DATA FOR THIS EXERCISE below:

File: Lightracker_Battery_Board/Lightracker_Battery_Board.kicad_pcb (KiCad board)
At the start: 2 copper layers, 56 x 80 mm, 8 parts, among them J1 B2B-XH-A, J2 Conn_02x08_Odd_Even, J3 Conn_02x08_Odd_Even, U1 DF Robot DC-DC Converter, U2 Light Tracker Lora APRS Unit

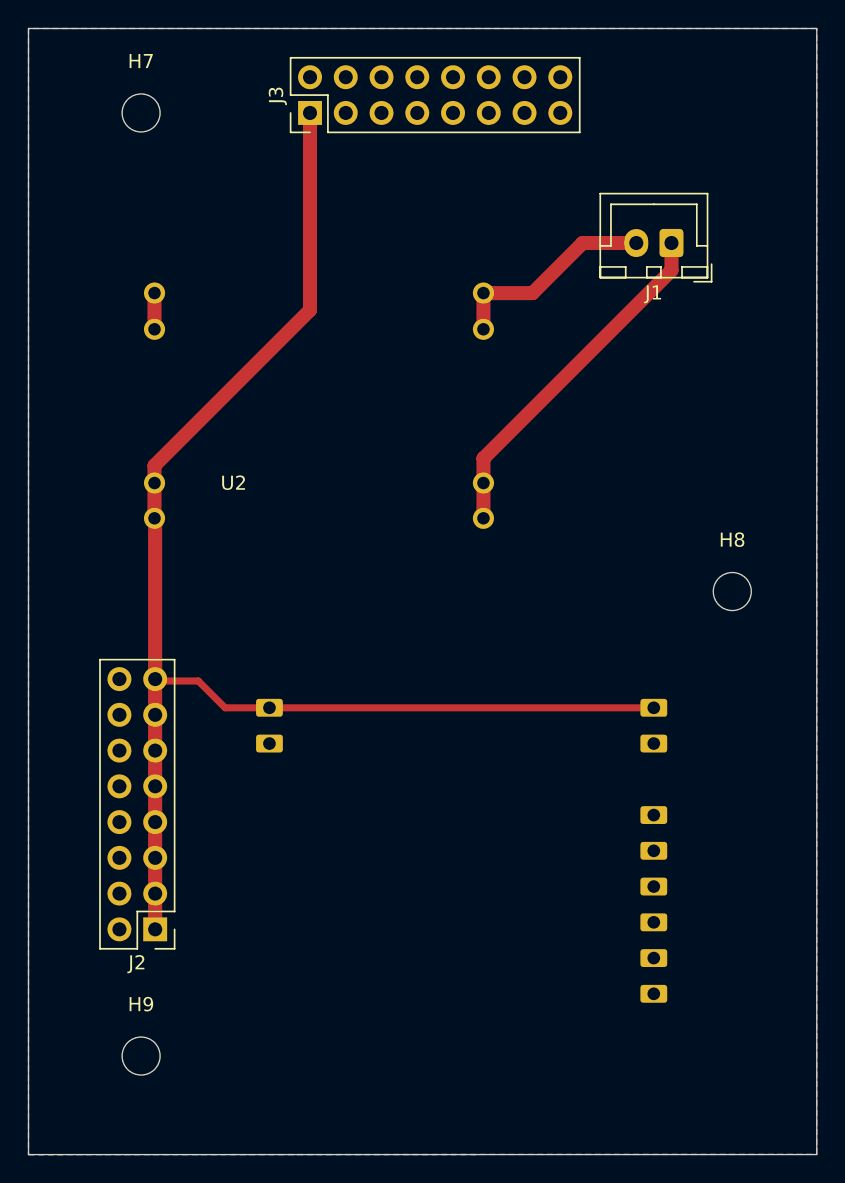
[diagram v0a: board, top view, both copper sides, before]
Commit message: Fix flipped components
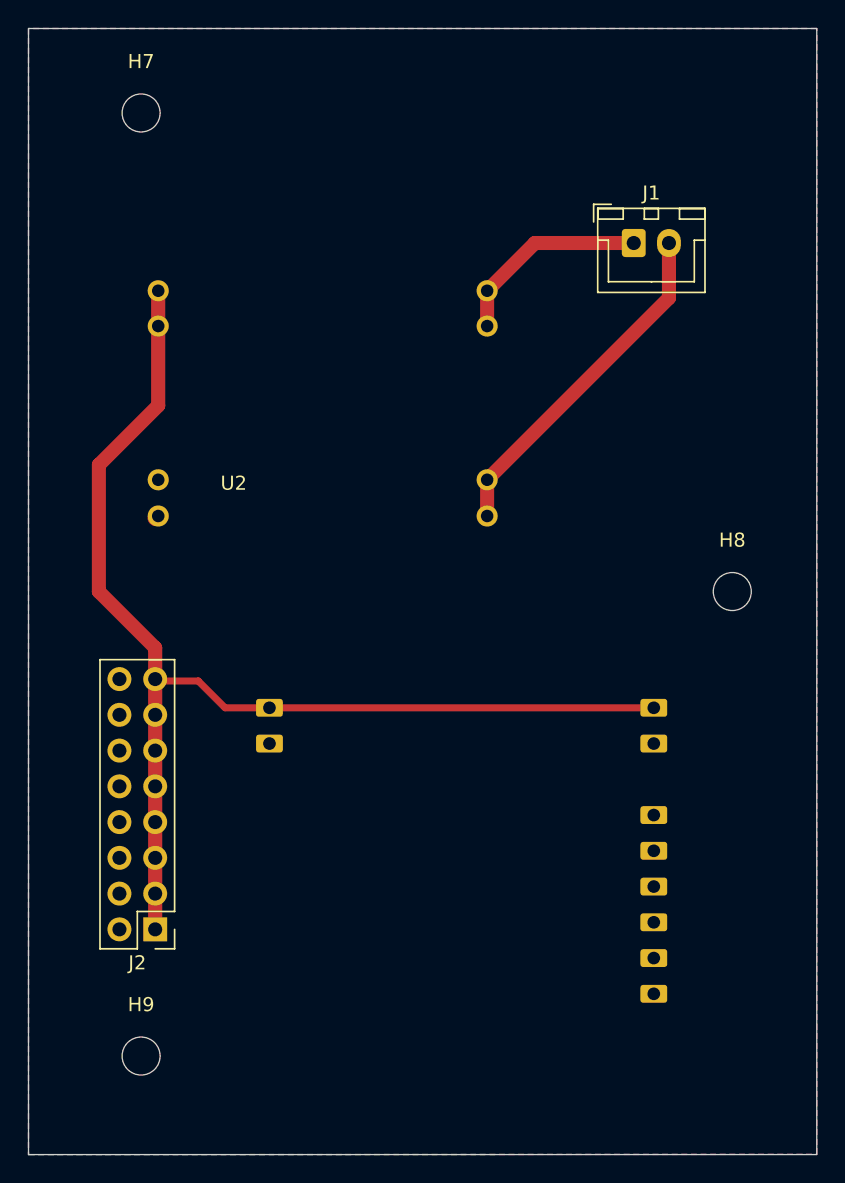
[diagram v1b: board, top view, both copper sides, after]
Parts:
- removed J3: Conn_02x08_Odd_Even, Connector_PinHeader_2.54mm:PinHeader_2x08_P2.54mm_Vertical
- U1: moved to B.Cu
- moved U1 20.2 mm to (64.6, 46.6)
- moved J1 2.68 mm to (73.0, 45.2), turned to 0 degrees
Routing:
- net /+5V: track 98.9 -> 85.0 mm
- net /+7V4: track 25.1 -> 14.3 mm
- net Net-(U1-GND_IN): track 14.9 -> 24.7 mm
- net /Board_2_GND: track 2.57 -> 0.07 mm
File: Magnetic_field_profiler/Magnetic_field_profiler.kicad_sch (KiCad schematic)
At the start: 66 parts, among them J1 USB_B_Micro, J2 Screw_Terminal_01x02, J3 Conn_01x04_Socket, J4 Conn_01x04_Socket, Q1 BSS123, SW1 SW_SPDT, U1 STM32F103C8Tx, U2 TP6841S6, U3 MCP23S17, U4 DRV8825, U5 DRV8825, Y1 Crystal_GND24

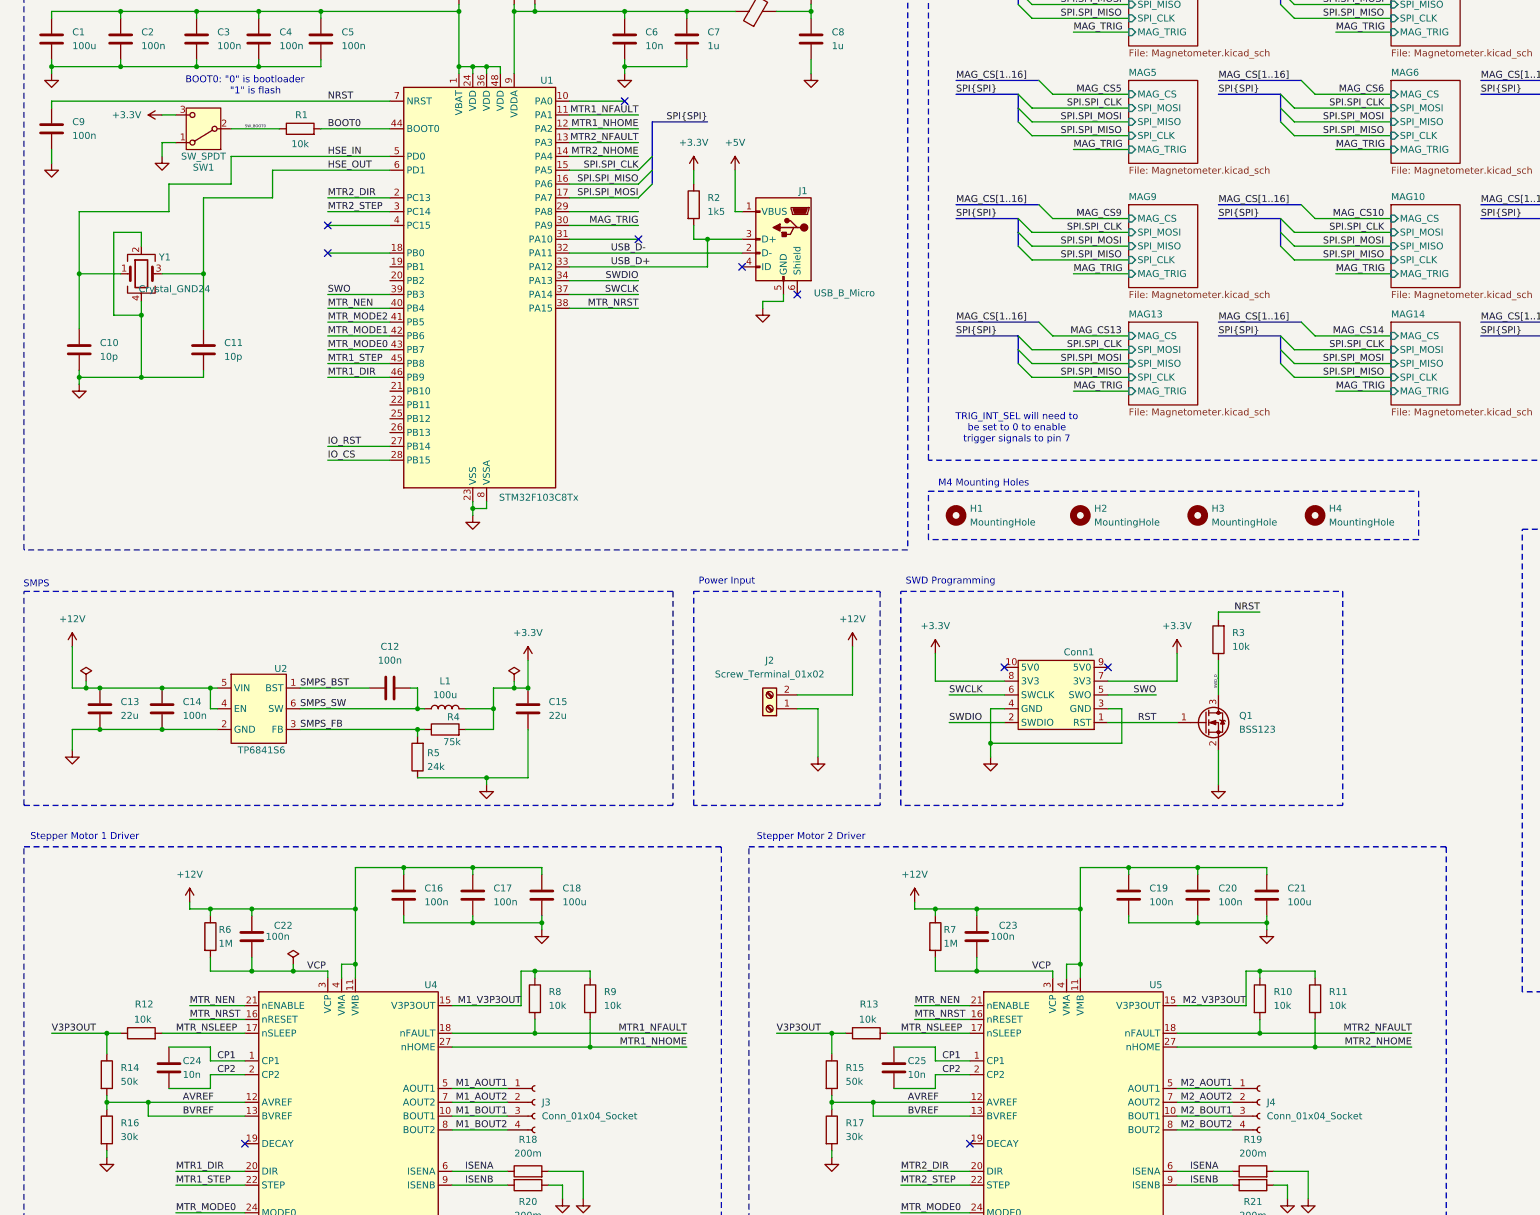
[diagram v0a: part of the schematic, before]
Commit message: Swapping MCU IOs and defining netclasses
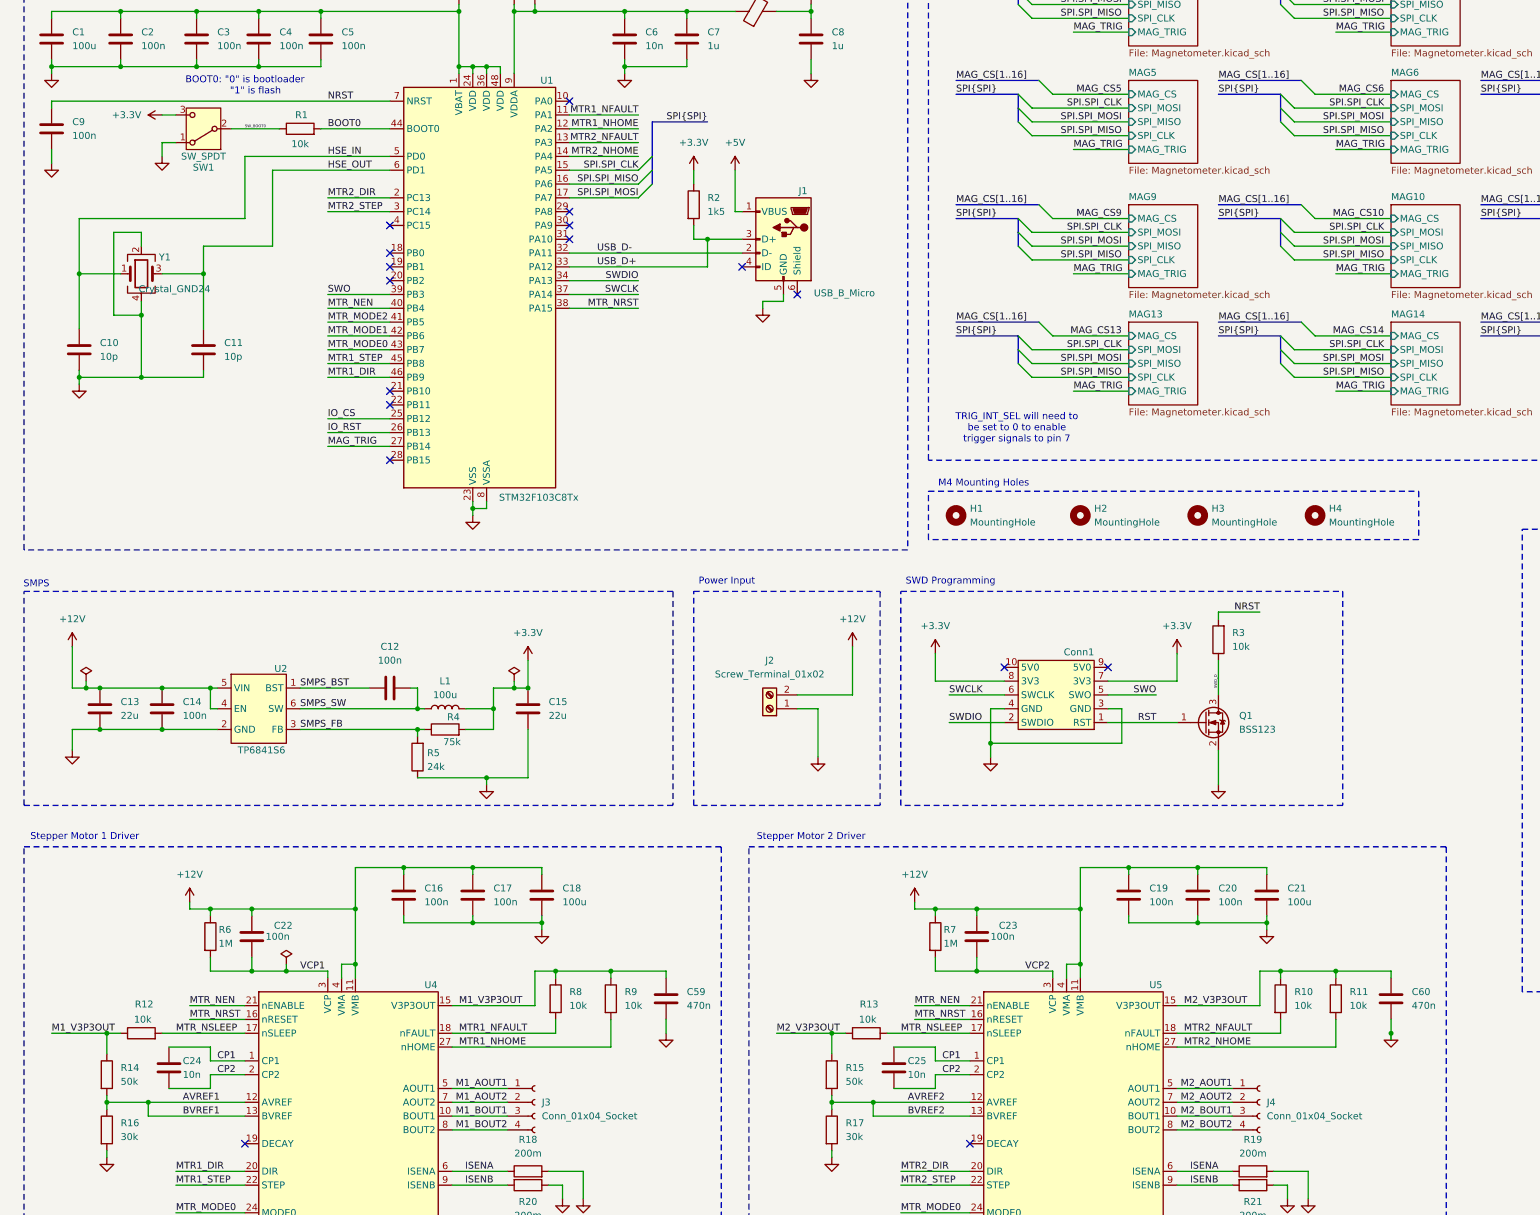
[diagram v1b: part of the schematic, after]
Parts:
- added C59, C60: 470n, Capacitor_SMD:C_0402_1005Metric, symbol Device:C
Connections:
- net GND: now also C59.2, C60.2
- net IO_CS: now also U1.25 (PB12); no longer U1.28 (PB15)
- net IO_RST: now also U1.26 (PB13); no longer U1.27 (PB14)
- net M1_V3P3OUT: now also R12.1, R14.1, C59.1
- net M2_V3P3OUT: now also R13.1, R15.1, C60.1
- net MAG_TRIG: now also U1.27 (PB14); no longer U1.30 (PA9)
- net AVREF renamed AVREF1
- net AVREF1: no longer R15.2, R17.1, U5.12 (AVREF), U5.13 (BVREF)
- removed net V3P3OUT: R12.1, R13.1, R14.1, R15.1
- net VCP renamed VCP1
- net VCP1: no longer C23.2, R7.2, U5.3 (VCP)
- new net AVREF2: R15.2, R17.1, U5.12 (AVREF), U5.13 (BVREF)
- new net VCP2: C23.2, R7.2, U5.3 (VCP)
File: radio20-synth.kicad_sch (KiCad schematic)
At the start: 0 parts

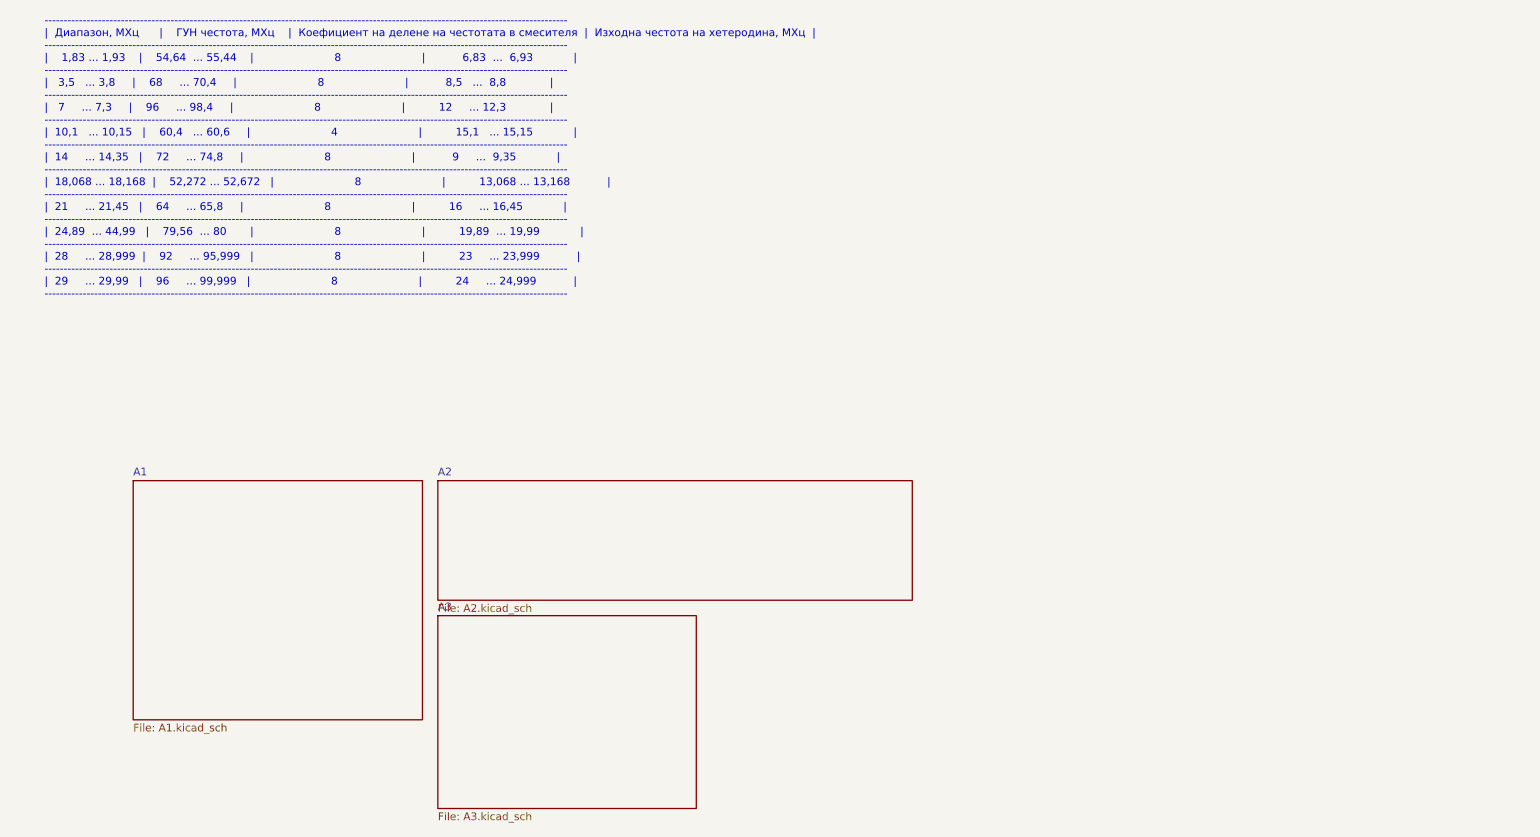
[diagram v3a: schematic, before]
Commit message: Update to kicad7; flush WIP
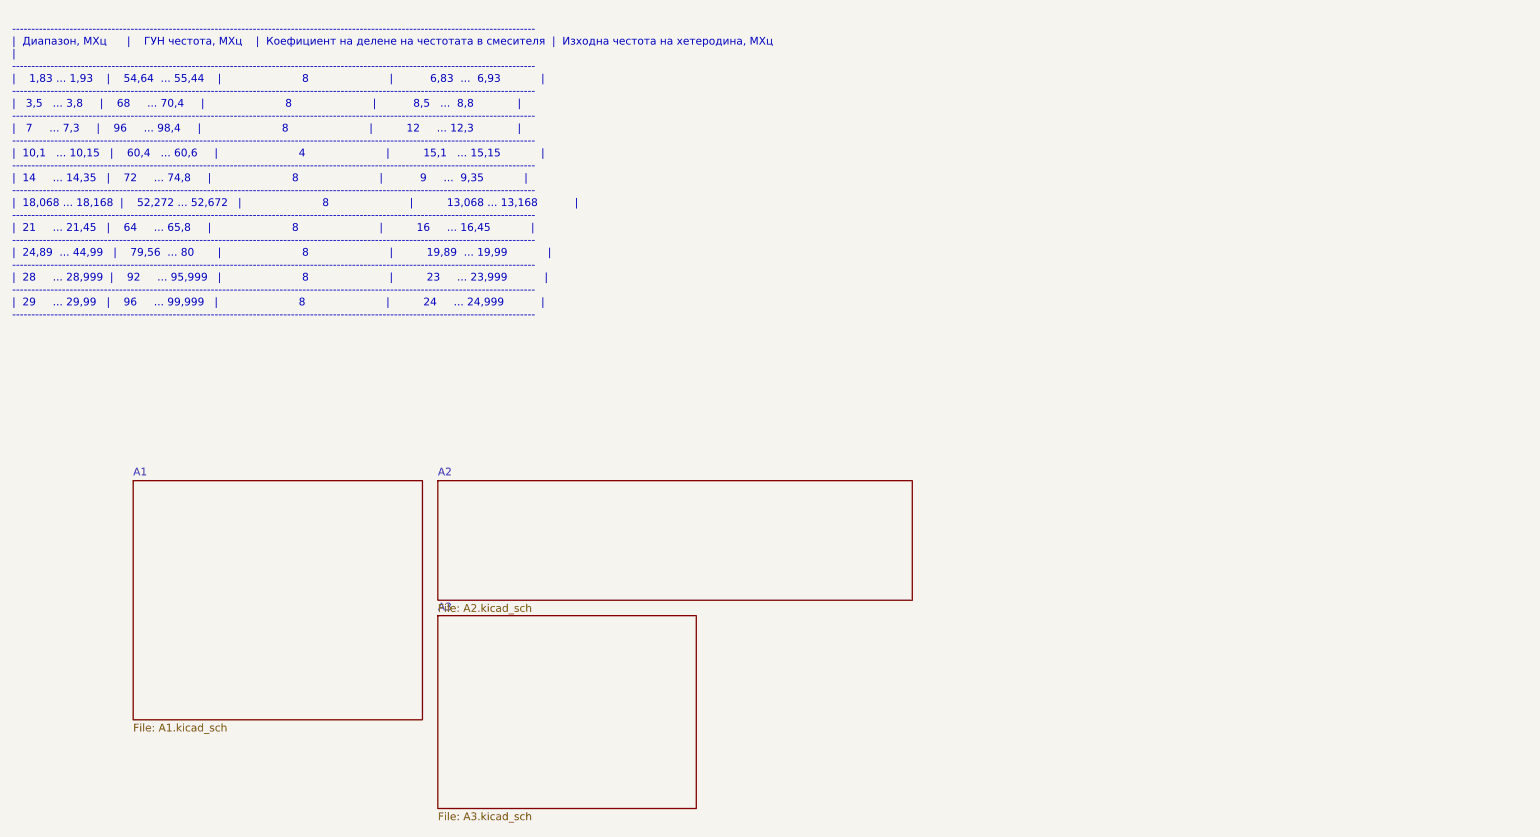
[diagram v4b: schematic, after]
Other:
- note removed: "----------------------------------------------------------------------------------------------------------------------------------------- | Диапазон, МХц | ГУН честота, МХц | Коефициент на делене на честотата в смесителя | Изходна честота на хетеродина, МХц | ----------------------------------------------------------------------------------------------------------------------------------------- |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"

End of DATA FOR THIS EXERCISE.

#### YOUR INSTRUCTIONS
Nothing but the records, repeated exactly and stripped of pictures, should appear in the answer.

#### YOUR SOLUTION
File: Lightracker_Battery_Board/Lightracker_Battery_Board.kicad_pcb (KiCad board)
At the start: 2 copper layers, 56 x 80 mm, 8 parts, among them J1 B2B-XH-A, J2 Conn_02x08_Odd_Even, J3 Conn_02x08_Odd_Even, U1 DF Robot DC-DC Converter, U2 Light Tracker Lora APRS Unit

[diagram v0a: board, top view, both copper sides, before]
Commit message: Fix flipped components
[diagram v1b: board, top view, both copper sides, after]
Parts:
- removed J3: Conn_02x08_Odd_Even, Connector_PinHeader_2.54mm:PinHeader_2x08_P2.54mm_Vertical
- U1: moved to B.Cu
- moved U1 20.2 mm to (64.6, 46.6)
- moved J1 2.68 mm to (73.0, 45.2), turned to 0 degrees
Routing:
- net /+5V: track 98.9 -> 85.0 mm
- net /+7V4: track 25.1 -> 14.3 mm
- net Net-(U1-GND_IN): track 14.9 -> 24.7 mm
- net /Board_2_GND: track 2.57 -> 0.07 mm
File: Magnetic_field_profiler/Magnetic_field_profiler.kicad_sch (KiCad schematic)
At the start: 66 parts, among them J1 USB_B_Micro, J2 Screw_Terminal_01x02, J3 Conn_01x04_Socket, J4 Conn_01x04_Socket, Q1 BSS123, SW1 SW_SPDT, U1 STM32F103C8Tx, U2 TP6841S6, U3 MCP23S17, U4 DRV8825, U5 DRV8825, Y1 Crystal_GND24

[diagram v0a: part of the schematic, before]
Commit message: Swapping MCU IOs and defining netclasses
[diagram v1b: part of the schematic, after]
Parts:
- added C59, C60: 470n, Capacitor_SMD:C_0402_1005Metric, symbol Device:C
Connections:
- net GND: now also C59.2, C60.2
- net IO_CS: now also U1.25 (PB12); no longer U1.28 (PB15)
- net IO_RST: now also U1.26 (PB13); no longer U1.27 (PB14)
- net M1_V3P3OUT: now also R12.1, R14.1, C59.1
- net M2_V3P3OUT: now also R13.1, R15.1, C60.1
- net MAG_TRIG: now also U1.27 (PB14); no longer U1.30 (PA9)
- net AVREF renamed AVREF1
- net AVREF1: no longer R15.2, R17.1, U5.12 (AVREF), U5.13 (BVREF)
- removed net V3P3OUT: R12.1, R13.1, R14.1, R15.1
- net VCP renamed VCP1
- net VCP1: no longer C23.2, R7.2, U5.3 (VCP)
- new net AVREF2: R15.2, R17.1, U5.12 (AVREF), U5.13 (BVREF)
- new net VCP2: C23.2, R7.2, U5.3 (VCP)
File: radio20-synth.kicad_sch (KiCad schematic)
At the start: 0 parts

[diagram v3a: schematic, before]
Commit message: Update to kicad7; flush WIP
[diagram v4b: schematic, after]
Other:
- note removed: "----------------------------------------------------------------------------------------------------------------------------------------- | Диапазон, МХц | ГУН честота, МХц | Коефициент на делене на честотата в смесителя | Изходна честота на хетеродина, МХц | ----------------------------------------------------------------------------------------------------------------------------------------- |"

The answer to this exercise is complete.